PROBLEM DESCRIPTION → Transcribe the records below word for word, beginning with the first line and stopping after the line that contains "#7=PRODUCT_DEFINITION_CONTEXT('part definition',#1,'design');"; pictures are not part of the copy.
━━━━━ GIVEN DATA
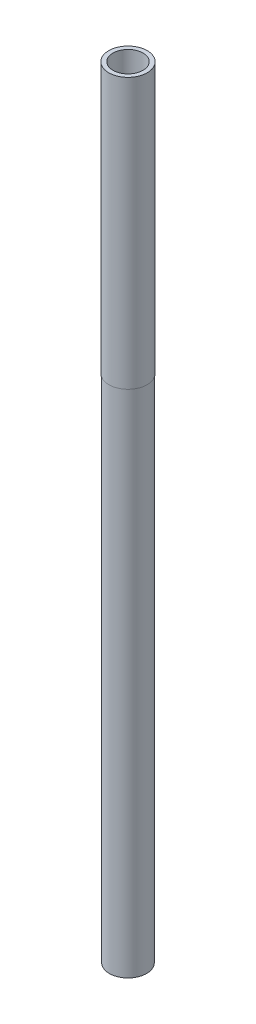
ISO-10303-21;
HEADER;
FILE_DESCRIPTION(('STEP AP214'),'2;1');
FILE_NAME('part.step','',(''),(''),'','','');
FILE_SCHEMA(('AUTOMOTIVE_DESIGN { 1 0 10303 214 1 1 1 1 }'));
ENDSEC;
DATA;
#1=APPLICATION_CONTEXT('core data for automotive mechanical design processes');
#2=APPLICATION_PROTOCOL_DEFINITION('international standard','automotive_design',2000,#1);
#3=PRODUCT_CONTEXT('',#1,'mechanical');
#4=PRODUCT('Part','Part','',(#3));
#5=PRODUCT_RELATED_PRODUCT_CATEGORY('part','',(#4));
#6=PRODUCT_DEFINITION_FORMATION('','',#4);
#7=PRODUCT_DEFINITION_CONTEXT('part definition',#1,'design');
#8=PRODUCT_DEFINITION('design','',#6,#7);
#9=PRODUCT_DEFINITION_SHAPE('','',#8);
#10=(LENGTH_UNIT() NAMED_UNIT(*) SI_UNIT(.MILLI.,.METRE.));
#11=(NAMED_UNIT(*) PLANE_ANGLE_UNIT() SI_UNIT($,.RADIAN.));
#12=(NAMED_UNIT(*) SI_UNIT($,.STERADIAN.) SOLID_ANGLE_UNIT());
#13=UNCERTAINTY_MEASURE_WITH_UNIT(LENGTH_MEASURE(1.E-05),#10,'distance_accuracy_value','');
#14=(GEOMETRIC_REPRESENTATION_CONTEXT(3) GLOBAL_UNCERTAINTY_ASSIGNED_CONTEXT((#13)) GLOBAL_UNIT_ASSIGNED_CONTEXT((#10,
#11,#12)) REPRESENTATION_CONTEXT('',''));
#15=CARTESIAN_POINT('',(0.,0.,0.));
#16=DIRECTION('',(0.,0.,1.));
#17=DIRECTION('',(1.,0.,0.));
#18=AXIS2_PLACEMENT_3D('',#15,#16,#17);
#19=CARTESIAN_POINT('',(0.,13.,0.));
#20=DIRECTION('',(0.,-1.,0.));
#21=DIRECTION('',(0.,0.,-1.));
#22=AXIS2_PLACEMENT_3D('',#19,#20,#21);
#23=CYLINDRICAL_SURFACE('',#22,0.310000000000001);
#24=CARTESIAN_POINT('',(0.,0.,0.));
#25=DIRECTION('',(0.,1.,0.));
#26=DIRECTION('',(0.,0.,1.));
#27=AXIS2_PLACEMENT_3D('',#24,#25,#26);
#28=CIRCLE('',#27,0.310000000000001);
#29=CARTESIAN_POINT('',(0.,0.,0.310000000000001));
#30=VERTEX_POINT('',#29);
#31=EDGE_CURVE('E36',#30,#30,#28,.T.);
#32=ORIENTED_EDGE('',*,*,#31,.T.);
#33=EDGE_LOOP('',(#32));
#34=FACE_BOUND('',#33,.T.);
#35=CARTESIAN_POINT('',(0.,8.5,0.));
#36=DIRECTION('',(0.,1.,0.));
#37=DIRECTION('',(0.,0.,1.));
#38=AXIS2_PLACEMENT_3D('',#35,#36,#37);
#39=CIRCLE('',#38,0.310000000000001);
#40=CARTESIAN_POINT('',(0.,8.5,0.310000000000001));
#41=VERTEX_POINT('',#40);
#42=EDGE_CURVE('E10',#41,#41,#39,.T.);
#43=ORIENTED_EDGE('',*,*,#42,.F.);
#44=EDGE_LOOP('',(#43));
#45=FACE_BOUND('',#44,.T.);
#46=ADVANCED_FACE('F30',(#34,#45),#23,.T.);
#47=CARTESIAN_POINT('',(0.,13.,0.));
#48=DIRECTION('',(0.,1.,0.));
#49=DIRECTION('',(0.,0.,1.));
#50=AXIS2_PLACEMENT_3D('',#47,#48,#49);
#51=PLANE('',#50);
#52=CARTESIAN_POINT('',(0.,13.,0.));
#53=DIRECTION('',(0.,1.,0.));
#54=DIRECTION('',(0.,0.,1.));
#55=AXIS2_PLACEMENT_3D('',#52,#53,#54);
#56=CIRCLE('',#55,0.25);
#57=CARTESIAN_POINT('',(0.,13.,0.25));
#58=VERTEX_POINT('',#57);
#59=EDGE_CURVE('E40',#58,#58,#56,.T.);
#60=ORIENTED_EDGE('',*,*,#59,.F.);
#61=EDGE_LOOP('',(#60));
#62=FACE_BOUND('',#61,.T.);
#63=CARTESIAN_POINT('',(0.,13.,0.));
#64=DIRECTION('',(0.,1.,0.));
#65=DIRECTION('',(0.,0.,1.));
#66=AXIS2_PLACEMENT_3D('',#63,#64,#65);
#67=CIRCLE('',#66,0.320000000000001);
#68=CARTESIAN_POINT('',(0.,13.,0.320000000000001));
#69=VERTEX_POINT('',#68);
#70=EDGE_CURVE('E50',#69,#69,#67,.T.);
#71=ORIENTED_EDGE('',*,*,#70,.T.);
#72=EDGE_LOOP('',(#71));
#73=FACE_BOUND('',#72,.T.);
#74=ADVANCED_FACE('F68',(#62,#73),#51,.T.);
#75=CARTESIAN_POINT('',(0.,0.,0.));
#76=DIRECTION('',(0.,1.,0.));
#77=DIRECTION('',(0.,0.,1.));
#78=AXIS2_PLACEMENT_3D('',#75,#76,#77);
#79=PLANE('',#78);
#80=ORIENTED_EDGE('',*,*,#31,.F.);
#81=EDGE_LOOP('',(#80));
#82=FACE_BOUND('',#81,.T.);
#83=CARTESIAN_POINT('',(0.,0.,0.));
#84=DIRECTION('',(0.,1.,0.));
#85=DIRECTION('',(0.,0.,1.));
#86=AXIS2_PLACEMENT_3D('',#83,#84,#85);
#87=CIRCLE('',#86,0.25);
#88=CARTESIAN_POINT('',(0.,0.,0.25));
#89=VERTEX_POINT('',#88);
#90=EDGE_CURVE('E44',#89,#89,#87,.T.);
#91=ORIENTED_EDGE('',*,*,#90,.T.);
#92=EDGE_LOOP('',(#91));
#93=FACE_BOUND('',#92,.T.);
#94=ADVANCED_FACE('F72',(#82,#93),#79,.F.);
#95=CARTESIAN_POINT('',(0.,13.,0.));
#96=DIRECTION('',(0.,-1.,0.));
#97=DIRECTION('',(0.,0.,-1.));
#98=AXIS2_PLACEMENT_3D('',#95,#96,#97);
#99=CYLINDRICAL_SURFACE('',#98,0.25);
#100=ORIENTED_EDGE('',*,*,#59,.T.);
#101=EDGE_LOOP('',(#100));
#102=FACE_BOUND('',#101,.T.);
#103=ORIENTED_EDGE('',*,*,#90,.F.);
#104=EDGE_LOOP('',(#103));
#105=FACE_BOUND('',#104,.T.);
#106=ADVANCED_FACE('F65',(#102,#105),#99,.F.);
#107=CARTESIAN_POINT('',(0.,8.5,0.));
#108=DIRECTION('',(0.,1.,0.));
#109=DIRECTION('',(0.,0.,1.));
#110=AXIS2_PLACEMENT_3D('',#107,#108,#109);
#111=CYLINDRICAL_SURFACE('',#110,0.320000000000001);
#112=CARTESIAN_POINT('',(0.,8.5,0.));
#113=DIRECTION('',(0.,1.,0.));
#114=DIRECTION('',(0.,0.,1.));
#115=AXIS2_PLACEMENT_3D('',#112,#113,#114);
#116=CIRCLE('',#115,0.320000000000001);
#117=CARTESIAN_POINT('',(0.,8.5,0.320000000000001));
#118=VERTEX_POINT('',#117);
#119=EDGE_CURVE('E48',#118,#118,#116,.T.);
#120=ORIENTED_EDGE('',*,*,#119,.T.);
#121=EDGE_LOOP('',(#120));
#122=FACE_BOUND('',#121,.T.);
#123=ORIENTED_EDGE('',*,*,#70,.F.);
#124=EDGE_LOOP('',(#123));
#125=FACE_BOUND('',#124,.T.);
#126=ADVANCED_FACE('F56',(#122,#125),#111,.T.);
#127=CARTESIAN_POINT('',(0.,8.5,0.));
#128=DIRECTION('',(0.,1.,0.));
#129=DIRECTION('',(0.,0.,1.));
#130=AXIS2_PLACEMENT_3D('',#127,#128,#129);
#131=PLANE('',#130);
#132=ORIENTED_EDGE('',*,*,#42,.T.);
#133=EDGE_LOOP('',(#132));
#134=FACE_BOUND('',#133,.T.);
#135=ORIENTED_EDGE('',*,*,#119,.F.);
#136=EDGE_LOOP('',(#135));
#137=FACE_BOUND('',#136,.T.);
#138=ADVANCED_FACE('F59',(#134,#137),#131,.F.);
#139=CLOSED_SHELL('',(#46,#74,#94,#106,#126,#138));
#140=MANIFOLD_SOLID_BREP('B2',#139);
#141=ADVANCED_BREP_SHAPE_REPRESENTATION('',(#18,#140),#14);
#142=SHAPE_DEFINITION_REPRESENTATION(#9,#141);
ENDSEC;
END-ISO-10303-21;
━━━━━━━━━━
SOLUTION FOR THIS TASK →
ISO-10303-21;
HEADER;
FILE_DESCRIPTION(('STEP AP214'),'2;1');
FILE_NAME('part.step','',(''),(''),'','','');
FILE_SCHEMA(('AUTOMOTIVE_DESIGN { 1 0 10303 214 1 1 1 1 }'));
ENDSEC;
DATA;
#1=APPLICATION_CONTEXT('core data for automotive mechanical design processes');
#2=APPLICATION_PROTOCOL_DEFINITION('international standard','automotive_design',2000,#1);
#3=PRODUCT_CONTEXT('',#1,'mechanical');
#4=PRODUCT('Part','Part','',(#3));
#5=PRODUCT_RELATED_PRODUCT_CATEGORY('part','',(#4));
#6=PRODUCT_DEFINITION_FORMATION('','',#4);
#7=PRODUCT_DEFINITION_CONTEXT('part definition',#1,'design');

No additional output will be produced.